# Infinitesimal generator of the standard Brownian motion

As explained in this Wikipedia page, the infinitesimal generator of the standard Brownian motion is $$\frac{1}{2}\Delta$$ and for the Brownian motion it has an extra $$\partial_t f$$ term. Can anybody please explain how one can reach to $$\frac{1}{2}\Delta$$ from $$Af(x) := \lim_{t \downarrow 0} \frac{\mathbb{E}^x(f(X_t))-f(x)}{t}$$ in the standard Brownian motion, for a person who is not that much familiar with the stochastic math?

In the first answer here, the Brownian motion was studied. I would appreciate if i can have the proof (not deep stochastic math) for the standard Brownian motion.

And two points which might be covered in the answer of the question above:

• Unlike the Brownian case, in the standard case we have $$\mathbb{E}^x(B_t-x)=-x$$.

• In the equation (1) in that answer, how "one can show $$\frac{d}{dt} P_t f(x) = A P_tf(x)$$ " ?

Thanks in advance.

• $\mathbb{E}^x[B_t - x] = x$ implies that $\mathbb{E}^x[B_t] = 2x$. I think you've made a sign error. Regardless, it makes little sense to talk about the generator of a standard Brownian motion where "standard" includes the requirement that the process starts at $0$. The generator captures behaviour of the transition semigroup which requires you to be able to start your process at different points. (i.e. by definition $\mathbb{E}^x$ is the expectation for the law of Markov process in question started at point $x$). Jun 2, 2020 at 22:21
• Thanks. And yes you are right, it should be $-x$. Jun 2, 2020 at 22:27
• If you've understood the need to consider the family of processes $(B_t^x)_{x \in \mathbb{R}^d}$ where $B_t^x$ is a Brownian motion started at $x$ when finding the generator then the accepted answer at the other question shows you how to show that the generator is given by the Laplacian in the one dimensional case. You get the multivariate version in pretty much the same way, using the multivariate taylor expansion. Jun 2, 2020 at 22:30
• Also btw $\mathbb{E}^x$ refers to the expectation with respect to the law of the process started from $x$ and hence if $B_t$ is a Brownian motion then $\mathbb{E}^x[B_t - x] = 0 \neq - x$; you can't postulate this to have a different value. Jun 2, 2020 at 22:39
• I think the definition of standard used there doesnt include the assumption that $B_0 = 0$ and instead refers to the other properties (such as the form of the covariance) that determine the properties of the transition functions associated to $B$. Jun 3, 2020 at 9:11

## 1 Answer

I'm in the process of learning this myself, and I did the following.

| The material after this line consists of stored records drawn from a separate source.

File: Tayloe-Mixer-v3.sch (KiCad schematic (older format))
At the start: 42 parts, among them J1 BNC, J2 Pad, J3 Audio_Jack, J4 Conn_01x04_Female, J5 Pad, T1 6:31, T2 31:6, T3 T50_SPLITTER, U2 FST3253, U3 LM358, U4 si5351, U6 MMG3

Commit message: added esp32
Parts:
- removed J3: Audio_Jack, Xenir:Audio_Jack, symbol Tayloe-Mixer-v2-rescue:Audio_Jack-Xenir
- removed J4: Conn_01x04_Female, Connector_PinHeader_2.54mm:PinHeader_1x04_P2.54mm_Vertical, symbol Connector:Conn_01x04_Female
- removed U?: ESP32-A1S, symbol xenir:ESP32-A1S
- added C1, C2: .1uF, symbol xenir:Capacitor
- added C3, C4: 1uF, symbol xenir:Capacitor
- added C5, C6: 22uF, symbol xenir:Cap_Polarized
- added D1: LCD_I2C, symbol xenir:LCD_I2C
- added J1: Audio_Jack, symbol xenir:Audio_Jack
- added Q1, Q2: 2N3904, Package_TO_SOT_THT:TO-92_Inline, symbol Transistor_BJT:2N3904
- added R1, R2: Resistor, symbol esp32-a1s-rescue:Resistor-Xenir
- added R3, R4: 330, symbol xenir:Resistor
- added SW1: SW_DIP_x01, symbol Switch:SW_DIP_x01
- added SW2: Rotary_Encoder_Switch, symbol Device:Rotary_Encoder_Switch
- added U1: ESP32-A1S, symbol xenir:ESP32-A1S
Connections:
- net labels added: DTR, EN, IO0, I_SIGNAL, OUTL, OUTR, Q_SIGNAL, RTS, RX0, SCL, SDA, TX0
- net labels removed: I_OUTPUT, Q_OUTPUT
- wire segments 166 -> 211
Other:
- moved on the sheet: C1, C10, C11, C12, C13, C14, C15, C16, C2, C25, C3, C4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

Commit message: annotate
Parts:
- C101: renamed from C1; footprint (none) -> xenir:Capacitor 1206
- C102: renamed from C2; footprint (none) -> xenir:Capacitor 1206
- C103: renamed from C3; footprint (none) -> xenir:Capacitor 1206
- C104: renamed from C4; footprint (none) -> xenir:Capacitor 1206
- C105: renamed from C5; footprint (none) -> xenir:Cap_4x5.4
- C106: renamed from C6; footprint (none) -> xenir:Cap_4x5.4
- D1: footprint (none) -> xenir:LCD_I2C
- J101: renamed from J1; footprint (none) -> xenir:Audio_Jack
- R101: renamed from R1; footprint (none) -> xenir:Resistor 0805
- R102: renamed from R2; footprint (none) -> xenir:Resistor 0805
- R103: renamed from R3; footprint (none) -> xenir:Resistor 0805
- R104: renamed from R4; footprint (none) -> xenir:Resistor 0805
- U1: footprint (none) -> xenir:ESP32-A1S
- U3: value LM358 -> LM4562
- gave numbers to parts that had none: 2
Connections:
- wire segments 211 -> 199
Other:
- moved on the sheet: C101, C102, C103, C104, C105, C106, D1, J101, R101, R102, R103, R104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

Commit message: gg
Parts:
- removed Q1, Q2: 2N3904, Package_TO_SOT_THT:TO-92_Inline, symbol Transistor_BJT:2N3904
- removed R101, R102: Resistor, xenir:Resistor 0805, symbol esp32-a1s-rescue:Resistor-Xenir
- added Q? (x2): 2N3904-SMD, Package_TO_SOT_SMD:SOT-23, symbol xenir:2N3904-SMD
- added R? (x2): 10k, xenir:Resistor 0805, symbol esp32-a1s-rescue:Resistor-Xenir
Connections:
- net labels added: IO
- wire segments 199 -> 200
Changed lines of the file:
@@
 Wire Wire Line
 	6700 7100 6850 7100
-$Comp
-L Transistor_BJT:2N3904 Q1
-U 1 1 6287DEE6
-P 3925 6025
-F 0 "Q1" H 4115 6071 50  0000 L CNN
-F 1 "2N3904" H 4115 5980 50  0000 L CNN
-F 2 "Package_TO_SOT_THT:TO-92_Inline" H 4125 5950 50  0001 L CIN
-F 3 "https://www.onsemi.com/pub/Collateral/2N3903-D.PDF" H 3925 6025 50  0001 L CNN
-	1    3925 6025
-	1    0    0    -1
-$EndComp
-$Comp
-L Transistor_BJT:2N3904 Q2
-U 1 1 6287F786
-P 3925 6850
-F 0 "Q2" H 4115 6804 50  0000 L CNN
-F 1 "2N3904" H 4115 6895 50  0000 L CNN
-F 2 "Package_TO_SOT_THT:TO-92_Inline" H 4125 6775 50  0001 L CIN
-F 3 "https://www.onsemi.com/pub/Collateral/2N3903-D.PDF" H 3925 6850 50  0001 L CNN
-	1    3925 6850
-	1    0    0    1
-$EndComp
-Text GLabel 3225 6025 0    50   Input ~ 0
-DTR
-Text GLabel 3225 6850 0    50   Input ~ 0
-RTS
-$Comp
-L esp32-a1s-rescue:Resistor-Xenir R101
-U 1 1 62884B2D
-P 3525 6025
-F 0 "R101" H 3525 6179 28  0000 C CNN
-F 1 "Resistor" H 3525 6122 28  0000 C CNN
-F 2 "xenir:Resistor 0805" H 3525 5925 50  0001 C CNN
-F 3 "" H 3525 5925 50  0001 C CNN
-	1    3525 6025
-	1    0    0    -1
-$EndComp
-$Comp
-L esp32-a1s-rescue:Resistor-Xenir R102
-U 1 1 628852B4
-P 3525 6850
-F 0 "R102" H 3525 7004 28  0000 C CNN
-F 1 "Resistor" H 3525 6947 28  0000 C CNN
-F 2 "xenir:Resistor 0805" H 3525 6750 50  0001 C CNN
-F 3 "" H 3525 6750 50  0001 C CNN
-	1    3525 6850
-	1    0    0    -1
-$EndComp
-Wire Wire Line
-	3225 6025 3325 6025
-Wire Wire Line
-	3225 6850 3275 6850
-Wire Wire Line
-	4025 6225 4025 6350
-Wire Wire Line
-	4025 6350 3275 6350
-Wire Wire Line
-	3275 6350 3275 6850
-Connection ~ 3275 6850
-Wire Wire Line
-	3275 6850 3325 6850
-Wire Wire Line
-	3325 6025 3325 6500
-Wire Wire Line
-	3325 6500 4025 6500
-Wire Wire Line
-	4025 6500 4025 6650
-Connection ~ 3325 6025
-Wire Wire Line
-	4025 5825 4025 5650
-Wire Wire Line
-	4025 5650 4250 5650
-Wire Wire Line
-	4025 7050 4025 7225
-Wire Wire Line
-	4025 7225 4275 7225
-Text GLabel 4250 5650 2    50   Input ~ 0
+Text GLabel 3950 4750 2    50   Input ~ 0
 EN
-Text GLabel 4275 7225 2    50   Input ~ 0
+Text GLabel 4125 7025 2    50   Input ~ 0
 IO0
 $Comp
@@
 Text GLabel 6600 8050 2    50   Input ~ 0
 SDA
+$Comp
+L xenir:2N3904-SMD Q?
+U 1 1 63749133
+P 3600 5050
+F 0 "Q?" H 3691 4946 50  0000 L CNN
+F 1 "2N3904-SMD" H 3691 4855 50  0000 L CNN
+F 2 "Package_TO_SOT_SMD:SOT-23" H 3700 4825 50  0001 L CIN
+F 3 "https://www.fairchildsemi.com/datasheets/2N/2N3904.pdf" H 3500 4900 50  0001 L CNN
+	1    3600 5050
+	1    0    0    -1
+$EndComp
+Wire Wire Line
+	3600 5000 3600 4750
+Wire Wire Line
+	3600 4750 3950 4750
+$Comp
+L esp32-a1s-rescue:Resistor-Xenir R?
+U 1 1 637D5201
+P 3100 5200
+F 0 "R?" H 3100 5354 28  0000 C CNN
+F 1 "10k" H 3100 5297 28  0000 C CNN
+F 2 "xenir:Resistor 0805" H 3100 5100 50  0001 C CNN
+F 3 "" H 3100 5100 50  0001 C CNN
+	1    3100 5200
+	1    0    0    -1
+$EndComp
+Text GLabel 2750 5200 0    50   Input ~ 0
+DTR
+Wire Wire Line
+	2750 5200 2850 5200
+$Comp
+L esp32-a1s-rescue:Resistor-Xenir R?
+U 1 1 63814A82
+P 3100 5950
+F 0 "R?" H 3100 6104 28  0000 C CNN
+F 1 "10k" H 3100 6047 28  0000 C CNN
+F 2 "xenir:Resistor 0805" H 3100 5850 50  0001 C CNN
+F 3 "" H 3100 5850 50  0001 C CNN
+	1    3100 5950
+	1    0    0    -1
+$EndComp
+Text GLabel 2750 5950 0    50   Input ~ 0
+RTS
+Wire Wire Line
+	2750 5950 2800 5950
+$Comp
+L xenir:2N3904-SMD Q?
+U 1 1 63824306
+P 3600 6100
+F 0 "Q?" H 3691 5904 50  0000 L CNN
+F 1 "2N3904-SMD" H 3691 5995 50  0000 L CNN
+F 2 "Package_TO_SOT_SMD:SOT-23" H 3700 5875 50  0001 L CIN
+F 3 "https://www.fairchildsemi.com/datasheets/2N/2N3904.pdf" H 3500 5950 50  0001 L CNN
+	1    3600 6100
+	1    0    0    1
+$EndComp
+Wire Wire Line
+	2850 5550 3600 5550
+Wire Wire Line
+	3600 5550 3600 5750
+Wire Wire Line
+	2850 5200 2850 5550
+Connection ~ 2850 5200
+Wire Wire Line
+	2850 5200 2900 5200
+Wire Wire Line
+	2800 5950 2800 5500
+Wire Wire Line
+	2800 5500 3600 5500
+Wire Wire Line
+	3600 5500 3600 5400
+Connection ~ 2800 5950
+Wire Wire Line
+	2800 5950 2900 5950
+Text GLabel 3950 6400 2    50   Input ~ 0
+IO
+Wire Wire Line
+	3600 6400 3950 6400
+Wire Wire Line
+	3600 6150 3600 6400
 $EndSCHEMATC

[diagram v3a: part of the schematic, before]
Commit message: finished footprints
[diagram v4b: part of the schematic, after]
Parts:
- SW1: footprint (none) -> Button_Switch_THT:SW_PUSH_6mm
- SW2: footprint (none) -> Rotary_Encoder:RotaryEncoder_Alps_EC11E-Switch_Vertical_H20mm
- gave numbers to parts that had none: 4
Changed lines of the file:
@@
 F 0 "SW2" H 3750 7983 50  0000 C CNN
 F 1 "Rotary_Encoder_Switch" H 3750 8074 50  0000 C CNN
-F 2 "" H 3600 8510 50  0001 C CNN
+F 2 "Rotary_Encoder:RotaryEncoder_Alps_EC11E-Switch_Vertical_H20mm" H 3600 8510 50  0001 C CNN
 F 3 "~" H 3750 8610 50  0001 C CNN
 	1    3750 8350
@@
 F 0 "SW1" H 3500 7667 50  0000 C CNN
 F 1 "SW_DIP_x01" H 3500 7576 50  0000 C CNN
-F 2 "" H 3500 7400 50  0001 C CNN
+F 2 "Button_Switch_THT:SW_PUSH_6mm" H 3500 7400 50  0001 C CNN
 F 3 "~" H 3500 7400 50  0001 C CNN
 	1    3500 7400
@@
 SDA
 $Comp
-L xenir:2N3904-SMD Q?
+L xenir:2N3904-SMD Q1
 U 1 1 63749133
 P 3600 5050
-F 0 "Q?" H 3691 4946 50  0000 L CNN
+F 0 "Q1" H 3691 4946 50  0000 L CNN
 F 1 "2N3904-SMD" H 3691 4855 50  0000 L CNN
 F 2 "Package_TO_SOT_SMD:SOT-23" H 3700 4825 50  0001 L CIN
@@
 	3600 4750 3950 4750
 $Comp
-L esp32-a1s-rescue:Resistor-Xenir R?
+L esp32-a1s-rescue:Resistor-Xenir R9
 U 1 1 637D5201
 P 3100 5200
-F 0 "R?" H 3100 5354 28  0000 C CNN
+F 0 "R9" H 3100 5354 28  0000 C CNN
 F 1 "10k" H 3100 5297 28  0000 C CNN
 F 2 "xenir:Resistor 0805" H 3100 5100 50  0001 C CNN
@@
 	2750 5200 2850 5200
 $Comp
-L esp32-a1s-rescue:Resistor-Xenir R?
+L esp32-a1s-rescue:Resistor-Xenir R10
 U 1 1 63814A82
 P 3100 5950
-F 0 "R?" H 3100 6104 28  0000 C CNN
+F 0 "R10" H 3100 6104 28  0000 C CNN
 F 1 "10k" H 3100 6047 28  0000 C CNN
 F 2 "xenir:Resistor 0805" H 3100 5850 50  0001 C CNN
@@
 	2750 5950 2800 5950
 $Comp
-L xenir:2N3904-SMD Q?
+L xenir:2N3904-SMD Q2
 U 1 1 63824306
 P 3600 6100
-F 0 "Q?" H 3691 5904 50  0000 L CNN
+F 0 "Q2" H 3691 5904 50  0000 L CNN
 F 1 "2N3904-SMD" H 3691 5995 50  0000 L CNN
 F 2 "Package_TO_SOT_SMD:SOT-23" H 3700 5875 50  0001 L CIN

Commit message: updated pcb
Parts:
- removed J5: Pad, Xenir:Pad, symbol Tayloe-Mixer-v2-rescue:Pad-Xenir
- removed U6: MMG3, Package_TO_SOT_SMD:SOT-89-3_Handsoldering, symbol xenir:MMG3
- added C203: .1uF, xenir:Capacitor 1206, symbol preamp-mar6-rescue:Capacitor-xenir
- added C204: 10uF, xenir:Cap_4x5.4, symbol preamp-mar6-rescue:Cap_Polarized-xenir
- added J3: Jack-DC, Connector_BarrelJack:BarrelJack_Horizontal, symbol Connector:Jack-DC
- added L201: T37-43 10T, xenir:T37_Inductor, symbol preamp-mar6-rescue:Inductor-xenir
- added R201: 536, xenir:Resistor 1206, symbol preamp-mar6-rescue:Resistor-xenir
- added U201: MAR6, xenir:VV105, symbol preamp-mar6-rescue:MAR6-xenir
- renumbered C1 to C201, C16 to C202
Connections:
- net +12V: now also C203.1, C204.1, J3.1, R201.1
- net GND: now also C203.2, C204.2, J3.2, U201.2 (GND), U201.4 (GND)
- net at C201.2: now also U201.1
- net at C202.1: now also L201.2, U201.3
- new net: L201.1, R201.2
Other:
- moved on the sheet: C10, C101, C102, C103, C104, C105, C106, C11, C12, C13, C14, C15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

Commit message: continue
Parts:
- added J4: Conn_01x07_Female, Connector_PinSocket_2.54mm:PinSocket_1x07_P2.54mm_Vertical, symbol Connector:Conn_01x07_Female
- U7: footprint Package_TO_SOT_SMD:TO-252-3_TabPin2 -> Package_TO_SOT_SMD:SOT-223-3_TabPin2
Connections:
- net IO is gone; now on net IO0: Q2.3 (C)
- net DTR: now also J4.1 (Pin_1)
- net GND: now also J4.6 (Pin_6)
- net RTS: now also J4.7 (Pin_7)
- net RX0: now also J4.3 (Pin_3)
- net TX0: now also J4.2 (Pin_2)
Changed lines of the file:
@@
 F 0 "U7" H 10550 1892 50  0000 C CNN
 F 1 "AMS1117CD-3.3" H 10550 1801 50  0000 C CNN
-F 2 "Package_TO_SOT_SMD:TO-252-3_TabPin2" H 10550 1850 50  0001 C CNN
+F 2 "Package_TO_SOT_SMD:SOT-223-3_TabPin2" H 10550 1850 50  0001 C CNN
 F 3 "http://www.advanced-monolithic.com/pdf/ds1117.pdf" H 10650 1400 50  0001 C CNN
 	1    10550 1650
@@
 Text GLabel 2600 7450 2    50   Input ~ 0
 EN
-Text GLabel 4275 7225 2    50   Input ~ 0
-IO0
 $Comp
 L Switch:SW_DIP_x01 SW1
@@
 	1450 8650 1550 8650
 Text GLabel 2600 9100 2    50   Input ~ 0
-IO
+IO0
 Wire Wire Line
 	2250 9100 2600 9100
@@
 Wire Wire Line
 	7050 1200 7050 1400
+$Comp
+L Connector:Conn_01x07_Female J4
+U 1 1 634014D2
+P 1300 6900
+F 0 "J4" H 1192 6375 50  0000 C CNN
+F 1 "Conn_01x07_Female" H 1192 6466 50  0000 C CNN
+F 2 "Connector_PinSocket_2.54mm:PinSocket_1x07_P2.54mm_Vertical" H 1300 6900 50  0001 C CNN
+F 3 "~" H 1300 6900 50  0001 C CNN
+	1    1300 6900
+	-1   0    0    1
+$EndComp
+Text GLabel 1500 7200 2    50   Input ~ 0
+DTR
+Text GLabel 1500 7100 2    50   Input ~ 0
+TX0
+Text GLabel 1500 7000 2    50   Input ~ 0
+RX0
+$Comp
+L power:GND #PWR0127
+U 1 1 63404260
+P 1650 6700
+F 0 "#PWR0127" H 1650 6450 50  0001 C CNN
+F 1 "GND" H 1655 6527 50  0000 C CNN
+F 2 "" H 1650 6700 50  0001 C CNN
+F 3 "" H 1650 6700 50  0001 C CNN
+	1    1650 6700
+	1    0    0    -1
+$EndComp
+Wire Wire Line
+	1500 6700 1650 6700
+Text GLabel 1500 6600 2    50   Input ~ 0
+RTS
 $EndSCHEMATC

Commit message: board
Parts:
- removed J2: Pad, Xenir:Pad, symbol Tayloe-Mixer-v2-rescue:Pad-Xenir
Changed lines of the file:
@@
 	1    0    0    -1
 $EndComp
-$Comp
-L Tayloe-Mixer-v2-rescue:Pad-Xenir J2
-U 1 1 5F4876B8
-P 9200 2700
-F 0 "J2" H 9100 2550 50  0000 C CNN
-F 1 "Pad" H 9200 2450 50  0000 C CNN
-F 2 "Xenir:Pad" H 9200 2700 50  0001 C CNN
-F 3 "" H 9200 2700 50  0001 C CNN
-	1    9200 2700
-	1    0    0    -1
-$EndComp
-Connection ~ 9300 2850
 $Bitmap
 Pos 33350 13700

So in the 1D case, we want to show that $$Af(x) := \lim_{t\rightarrow 0} \frac{\mathbb{E}^x[f(B_t)] - f(x)}{t} = \frac{1}{2}f''(x)$$.

A Taylor expansion about $$f(x)$$ gives \begin{align} \mathbb{E}^x[f(B_t)] &\approx \mathbb{E}^x[ f(x) + (B_t-x) f'(x) + \frac{1}{2}(B_t-x)^2 f''(x)]\\ &= f(x) + \mathbb{E}^x[B_t-x] f'(x) + \frac{1}{2} \mathbb{E}^x[(B_t-x)^2] f''(x)\\ &= f(x) + \frac{t}{2} f''(x) \end{align}

where the last equality comes from the properties of a Brownian motion with $$B_0=x$$, $$\mathbb{E}^x[B_t-x] = 0$$ and $$\mathbb{E}^x[(B_t-x)^2] = t$$.

Plugging back into $$Af(x)$$, the $$f(x)$$'s cancel and we get $$Af(x) = \lim_{t\rightarrow 0} \frac{\frac{t}{2}f''(x)}{t} = \frac{1}{2}f''(x)$$
(The t's trivially go away: $$\lim_{t\rightarrow 0} \frac{t}{t} = \lim_{t\rightarrow 0} 1 = 1$$)

You can extend this reasoning to the multidimensional case $$x= (x_1, \dots, x_n)$$, where the Taylor expansion becomes $$\mathbb{E}^x[f(B_t)] = f(x) + \frac{t}{2} \sum_{i=1}^n \frac{\partial}{\partial x_i} f(x).$$